Data records:
★ ★ ★ ★ ★ ★ ★

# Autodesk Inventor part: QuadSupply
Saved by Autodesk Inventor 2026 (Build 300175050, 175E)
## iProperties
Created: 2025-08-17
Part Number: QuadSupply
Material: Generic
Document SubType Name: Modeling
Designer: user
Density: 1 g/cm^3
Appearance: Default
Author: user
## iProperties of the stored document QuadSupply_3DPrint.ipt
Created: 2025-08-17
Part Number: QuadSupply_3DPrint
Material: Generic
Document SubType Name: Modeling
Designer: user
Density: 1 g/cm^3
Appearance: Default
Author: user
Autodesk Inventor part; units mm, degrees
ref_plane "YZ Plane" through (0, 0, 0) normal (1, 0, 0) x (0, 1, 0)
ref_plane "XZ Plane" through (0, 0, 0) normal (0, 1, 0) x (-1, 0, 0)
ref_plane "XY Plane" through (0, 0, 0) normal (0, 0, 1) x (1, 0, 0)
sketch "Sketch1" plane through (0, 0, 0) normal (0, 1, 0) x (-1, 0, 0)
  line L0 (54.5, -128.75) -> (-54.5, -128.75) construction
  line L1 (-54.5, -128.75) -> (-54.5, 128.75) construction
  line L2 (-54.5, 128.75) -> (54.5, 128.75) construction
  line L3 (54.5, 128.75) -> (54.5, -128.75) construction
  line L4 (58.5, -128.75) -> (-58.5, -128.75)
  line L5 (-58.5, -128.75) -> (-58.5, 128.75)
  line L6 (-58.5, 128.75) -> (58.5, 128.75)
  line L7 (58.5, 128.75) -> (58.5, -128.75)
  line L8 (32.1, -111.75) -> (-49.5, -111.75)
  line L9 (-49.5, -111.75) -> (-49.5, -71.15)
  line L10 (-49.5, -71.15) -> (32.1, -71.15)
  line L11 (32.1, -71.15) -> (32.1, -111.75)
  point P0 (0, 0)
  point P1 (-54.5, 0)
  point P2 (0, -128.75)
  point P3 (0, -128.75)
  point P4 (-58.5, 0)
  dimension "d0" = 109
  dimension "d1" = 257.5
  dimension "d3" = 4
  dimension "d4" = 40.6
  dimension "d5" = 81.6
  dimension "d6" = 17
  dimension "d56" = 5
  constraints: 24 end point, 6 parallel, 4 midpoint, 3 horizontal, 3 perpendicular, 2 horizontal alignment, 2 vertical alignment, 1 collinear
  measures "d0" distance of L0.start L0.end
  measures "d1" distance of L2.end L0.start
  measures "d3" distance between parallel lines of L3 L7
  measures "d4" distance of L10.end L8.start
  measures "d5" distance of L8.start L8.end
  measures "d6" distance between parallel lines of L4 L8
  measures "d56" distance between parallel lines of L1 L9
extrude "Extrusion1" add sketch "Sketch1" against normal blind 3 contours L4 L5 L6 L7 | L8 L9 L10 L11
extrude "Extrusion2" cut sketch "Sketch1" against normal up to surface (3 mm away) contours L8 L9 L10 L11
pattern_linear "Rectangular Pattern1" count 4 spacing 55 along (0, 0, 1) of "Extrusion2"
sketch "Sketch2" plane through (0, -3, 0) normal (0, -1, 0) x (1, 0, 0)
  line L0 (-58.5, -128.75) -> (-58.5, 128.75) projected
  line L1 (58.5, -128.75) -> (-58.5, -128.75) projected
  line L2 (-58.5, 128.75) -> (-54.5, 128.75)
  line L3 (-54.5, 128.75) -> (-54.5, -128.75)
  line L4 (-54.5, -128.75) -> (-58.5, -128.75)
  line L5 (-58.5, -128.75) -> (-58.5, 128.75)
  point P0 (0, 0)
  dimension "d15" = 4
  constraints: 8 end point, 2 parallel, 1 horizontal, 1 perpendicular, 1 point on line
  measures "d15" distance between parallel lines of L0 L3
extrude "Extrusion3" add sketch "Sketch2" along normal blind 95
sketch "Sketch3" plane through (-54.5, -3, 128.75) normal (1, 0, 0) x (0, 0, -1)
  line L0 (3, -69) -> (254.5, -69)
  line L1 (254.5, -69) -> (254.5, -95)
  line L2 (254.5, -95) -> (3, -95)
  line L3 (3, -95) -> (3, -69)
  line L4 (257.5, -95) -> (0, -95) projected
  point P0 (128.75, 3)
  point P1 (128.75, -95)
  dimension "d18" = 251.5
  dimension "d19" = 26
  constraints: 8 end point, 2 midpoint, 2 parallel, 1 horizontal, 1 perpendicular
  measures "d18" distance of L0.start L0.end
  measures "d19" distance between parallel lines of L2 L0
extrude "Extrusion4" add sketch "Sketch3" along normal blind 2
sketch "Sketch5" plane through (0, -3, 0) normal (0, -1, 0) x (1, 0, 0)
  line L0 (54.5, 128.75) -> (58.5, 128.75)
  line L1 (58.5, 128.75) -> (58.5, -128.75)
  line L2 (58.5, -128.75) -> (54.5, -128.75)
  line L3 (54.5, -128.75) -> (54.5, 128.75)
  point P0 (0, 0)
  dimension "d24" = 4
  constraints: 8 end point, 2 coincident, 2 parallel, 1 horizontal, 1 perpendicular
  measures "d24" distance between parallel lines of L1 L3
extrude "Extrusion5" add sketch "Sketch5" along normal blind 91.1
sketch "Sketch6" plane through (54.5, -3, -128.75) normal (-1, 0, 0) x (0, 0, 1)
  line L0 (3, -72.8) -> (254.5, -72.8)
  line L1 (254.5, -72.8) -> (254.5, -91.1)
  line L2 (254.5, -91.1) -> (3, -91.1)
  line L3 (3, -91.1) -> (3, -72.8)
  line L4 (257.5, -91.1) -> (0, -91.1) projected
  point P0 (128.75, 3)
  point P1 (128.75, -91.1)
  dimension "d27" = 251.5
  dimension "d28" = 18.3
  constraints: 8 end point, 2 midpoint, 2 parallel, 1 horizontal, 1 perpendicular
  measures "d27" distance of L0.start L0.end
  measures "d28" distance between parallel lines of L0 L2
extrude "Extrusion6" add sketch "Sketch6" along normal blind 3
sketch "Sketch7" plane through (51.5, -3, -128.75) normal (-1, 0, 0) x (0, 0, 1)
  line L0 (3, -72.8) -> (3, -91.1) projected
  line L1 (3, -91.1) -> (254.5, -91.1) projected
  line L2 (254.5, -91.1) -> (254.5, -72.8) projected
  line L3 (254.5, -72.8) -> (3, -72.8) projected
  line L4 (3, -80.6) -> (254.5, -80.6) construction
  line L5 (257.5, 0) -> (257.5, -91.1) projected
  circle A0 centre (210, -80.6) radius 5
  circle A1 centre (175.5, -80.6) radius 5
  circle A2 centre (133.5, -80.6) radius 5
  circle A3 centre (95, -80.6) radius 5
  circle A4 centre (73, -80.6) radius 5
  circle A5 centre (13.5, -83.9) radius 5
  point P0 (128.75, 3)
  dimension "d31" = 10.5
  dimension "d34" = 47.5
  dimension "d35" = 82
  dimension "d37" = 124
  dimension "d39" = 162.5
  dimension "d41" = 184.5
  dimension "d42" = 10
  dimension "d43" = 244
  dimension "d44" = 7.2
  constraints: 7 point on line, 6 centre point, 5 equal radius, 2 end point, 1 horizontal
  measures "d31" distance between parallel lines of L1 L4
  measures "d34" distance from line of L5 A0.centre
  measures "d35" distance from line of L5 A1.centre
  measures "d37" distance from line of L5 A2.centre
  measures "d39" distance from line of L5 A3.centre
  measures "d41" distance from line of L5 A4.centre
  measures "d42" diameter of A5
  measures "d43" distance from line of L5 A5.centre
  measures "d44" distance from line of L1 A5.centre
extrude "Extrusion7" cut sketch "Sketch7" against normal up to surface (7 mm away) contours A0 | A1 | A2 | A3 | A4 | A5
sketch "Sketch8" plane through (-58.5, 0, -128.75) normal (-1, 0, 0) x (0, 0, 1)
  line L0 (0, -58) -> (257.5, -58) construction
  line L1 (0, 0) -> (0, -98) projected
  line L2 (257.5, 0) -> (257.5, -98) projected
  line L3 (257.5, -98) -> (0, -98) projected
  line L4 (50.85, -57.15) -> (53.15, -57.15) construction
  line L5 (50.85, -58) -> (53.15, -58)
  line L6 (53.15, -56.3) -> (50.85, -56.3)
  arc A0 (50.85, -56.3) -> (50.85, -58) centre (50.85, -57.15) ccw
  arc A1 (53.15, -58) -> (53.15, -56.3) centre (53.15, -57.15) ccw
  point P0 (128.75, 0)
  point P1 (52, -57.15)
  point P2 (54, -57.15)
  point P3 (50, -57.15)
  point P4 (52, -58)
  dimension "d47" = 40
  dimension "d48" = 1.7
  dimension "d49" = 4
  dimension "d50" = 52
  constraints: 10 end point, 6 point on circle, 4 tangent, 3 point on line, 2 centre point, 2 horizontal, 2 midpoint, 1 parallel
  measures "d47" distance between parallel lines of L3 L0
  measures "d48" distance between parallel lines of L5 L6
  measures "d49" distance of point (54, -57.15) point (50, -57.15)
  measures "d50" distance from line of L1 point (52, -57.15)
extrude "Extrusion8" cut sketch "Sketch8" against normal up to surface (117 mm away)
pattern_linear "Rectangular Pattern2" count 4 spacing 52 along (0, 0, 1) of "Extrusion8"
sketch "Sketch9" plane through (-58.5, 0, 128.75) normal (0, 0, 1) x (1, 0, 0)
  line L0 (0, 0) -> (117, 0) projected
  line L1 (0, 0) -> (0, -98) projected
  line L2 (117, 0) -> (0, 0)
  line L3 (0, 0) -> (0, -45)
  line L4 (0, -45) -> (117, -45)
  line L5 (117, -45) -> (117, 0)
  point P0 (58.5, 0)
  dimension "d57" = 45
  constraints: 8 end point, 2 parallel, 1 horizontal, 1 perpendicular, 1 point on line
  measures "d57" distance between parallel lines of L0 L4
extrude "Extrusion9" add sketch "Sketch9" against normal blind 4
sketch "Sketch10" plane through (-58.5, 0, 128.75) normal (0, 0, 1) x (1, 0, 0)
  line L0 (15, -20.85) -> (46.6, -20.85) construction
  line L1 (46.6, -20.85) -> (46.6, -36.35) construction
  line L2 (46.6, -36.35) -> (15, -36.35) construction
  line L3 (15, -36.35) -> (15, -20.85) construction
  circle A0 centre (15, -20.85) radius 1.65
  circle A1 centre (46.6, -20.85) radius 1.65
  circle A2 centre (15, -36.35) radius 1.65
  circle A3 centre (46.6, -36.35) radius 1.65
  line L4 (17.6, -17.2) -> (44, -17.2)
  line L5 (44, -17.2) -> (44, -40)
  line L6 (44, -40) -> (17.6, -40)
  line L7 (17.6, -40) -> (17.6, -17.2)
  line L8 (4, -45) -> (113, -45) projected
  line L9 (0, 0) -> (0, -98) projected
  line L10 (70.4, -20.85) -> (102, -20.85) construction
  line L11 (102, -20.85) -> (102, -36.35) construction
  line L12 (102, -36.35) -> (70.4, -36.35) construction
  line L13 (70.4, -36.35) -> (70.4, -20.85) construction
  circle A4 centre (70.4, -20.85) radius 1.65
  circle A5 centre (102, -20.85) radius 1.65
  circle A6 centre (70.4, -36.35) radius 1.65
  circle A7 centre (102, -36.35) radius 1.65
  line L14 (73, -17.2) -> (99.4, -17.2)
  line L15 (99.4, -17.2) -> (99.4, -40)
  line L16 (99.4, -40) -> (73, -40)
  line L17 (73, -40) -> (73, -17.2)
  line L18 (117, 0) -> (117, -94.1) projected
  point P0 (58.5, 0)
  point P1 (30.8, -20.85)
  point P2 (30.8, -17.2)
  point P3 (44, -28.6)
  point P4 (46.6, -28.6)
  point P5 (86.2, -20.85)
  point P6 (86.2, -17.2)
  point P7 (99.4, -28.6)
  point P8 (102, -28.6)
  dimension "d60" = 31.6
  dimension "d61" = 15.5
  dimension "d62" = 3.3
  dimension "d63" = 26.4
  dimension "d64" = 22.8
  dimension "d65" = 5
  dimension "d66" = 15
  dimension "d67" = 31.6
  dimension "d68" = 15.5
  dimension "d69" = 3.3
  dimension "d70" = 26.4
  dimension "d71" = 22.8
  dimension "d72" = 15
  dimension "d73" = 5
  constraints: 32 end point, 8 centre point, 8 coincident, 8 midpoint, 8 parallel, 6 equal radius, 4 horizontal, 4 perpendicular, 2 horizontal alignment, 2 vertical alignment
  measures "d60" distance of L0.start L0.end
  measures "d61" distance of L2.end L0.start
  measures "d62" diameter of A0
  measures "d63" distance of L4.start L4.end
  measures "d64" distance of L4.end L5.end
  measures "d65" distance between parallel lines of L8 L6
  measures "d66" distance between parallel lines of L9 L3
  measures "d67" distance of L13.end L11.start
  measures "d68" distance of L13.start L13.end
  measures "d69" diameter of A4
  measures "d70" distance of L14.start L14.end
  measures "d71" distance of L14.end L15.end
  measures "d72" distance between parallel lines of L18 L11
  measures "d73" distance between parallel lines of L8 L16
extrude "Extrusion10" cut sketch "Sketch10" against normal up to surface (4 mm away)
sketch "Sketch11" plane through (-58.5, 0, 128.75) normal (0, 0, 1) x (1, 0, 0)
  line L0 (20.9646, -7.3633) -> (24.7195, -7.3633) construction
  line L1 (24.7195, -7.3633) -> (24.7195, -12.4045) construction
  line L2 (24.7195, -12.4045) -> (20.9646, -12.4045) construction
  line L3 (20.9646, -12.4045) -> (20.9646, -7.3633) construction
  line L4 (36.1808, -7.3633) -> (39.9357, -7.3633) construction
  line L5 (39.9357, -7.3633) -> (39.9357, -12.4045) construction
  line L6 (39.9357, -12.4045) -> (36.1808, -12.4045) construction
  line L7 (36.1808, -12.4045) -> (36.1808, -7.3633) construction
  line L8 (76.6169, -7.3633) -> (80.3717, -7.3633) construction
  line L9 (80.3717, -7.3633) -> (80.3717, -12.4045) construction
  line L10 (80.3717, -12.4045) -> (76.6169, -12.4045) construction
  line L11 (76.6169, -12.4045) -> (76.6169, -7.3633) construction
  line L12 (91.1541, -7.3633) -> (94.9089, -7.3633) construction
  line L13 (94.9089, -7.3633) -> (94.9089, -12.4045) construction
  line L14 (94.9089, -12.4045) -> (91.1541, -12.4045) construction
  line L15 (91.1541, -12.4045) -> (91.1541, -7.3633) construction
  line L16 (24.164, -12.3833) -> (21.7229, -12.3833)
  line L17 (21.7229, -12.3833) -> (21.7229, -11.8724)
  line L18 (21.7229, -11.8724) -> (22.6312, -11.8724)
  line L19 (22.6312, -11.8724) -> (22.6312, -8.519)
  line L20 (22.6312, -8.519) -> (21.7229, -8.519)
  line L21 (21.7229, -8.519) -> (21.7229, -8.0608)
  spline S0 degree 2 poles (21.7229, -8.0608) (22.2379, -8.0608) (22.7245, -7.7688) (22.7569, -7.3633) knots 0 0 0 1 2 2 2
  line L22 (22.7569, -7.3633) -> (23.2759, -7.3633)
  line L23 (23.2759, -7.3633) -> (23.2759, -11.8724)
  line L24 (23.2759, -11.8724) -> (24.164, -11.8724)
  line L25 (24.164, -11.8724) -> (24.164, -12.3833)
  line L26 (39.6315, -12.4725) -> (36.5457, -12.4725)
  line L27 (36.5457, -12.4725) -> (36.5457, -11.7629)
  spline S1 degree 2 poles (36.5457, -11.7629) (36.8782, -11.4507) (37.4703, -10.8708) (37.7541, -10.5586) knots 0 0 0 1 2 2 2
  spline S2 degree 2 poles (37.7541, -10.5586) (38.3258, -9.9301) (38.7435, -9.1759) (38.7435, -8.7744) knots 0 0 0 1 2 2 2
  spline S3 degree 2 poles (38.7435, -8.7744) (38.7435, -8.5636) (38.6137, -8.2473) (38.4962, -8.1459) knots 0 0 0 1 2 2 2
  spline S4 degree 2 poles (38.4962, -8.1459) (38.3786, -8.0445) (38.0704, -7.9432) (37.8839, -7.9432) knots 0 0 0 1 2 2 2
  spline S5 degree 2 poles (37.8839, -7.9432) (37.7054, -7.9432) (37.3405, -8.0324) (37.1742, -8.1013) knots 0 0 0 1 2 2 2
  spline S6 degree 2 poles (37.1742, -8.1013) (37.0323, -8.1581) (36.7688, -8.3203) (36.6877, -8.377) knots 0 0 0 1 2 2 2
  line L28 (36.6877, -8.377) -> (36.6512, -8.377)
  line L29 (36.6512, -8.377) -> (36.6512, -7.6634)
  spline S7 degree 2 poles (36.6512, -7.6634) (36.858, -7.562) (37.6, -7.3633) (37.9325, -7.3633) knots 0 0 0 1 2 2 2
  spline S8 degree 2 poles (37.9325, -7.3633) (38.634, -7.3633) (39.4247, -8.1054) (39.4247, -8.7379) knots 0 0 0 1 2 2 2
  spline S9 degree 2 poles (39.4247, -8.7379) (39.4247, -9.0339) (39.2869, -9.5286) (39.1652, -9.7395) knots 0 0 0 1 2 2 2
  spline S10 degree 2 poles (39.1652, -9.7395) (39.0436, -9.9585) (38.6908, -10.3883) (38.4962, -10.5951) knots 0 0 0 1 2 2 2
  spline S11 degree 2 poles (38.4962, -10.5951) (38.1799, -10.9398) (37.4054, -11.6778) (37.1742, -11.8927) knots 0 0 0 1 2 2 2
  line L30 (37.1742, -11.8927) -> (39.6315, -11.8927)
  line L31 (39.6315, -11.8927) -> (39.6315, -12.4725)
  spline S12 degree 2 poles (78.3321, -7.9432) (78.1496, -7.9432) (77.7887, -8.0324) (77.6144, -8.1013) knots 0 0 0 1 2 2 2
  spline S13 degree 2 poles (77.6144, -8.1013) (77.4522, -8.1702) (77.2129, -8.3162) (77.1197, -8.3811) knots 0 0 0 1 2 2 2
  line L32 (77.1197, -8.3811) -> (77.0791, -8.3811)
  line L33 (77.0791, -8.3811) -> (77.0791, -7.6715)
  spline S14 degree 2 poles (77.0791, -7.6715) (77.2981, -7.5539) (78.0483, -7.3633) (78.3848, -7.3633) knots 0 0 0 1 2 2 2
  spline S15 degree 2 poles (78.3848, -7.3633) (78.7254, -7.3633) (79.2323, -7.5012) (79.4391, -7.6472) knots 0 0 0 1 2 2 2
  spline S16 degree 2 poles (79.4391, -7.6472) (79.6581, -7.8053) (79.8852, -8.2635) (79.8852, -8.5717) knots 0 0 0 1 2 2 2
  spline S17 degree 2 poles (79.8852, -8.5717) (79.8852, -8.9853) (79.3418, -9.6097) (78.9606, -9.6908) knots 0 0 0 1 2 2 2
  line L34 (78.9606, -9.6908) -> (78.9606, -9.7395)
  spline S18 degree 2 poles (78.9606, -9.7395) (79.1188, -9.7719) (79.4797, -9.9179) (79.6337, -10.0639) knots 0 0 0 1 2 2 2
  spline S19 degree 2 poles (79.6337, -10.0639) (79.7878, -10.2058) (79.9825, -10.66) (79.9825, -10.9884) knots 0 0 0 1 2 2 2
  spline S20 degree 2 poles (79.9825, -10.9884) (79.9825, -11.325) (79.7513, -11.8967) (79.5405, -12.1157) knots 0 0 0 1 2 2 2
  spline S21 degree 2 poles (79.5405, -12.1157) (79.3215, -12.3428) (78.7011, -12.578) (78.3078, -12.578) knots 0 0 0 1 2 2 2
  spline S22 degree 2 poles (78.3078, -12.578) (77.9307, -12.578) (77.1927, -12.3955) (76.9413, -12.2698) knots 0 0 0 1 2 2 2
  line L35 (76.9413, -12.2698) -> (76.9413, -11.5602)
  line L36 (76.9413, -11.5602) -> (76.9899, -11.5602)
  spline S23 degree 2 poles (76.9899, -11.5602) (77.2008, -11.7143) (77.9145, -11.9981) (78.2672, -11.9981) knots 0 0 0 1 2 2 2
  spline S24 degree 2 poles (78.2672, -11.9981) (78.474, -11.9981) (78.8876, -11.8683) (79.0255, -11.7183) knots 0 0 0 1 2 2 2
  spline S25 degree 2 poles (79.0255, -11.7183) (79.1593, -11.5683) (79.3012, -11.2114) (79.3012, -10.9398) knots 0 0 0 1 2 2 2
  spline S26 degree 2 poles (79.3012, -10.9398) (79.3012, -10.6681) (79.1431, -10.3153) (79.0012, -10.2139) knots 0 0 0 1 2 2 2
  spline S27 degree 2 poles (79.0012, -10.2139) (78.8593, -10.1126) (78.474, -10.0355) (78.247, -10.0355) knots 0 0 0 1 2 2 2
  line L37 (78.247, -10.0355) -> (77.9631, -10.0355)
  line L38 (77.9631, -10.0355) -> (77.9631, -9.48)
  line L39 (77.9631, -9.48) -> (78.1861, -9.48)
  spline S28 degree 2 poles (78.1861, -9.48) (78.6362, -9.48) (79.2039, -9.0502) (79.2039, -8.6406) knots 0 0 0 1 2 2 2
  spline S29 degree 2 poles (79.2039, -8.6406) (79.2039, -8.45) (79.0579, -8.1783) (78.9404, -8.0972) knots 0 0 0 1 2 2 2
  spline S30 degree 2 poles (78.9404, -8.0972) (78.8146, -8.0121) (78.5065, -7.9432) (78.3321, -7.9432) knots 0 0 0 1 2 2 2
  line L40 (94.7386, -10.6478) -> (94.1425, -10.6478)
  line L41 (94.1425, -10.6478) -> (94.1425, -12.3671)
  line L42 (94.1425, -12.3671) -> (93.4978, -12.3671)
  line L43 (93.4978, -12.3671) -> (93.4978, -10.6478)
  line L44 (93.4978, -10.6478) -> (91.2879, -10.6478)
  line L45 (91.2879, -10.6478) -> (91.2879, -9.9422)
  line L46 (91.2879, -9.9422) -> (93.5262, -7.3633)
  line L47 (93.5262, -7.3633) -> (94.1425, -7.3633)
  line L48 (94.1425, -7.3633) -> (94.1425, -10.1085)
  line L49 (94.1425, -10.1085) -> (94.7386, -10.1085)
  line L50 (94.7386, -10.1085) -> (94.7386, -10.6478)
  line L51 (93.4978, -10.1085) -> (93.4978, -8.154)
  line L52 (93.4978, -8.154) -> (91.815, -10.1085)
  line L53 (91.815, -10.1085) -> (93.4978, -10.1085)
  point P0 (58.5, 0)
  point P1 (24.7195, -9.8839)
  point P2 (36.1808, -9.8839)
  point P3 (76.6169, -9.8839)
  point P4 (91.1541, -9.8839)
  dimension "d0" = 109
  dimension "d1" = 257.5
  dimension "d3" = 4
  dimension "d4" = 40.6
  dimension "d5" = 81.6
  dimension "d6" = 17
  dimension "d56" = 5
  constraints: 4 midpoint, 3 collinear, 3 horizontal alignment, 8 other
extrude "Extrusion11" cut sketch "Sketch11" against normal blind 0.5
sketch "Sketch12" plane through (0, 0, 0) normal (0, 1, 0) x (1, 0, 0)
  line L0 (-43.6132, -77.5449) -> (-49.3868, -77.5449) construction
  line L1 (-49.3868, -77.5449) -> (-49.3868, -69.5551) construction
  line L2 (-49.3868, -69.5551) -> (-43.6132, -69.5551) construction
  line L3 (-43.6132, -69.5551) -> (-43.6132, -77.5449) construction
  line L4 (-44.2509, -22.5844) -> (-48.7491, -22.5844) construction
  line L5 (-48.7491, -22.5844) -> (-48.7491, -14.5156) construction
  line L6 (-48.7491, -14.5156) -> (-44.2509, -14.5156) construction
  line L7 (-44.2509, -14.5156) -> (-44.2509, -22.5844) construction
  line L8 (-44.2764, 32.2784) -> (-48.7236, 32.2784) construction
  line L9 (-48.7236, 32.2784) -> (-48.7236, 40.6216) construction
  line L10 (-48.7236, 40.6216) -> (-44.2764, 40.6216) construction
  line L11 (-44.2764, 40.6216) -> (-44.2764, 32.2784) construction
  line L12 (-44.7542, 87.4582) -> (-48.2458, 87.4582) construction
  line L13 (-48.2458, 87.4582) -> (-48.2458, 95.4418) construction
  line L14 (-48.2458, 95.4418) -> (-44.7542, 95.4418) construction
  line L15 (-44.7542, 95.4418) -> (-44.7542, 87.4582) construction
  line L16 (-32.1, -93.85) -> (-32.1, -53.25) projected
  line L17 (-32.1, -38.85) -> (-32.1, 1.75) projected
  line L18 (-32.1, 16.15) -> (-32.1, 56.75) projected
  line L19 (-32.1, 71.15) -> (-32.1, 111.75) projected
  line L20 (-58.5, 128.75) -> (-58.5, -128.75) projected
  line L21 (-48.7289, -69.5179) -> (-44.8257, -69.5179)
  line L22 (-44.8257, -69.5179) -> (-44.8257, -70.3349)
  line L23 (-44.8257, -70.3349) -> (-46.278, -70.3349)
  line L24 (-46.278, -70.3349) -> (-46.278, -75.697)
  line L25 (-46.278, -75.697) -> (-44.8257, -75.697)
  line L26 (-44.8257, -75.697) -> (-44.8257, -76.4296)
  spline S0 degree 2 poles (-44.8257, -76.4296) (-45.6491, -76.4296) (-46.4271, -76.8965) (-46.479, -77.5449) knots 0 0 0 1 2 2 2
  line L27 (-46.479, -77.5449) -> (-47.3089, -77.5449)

★ ★ ★ ★ ★ ★ ★

Only the number of lines above that contain "from" should be given as the answer.

8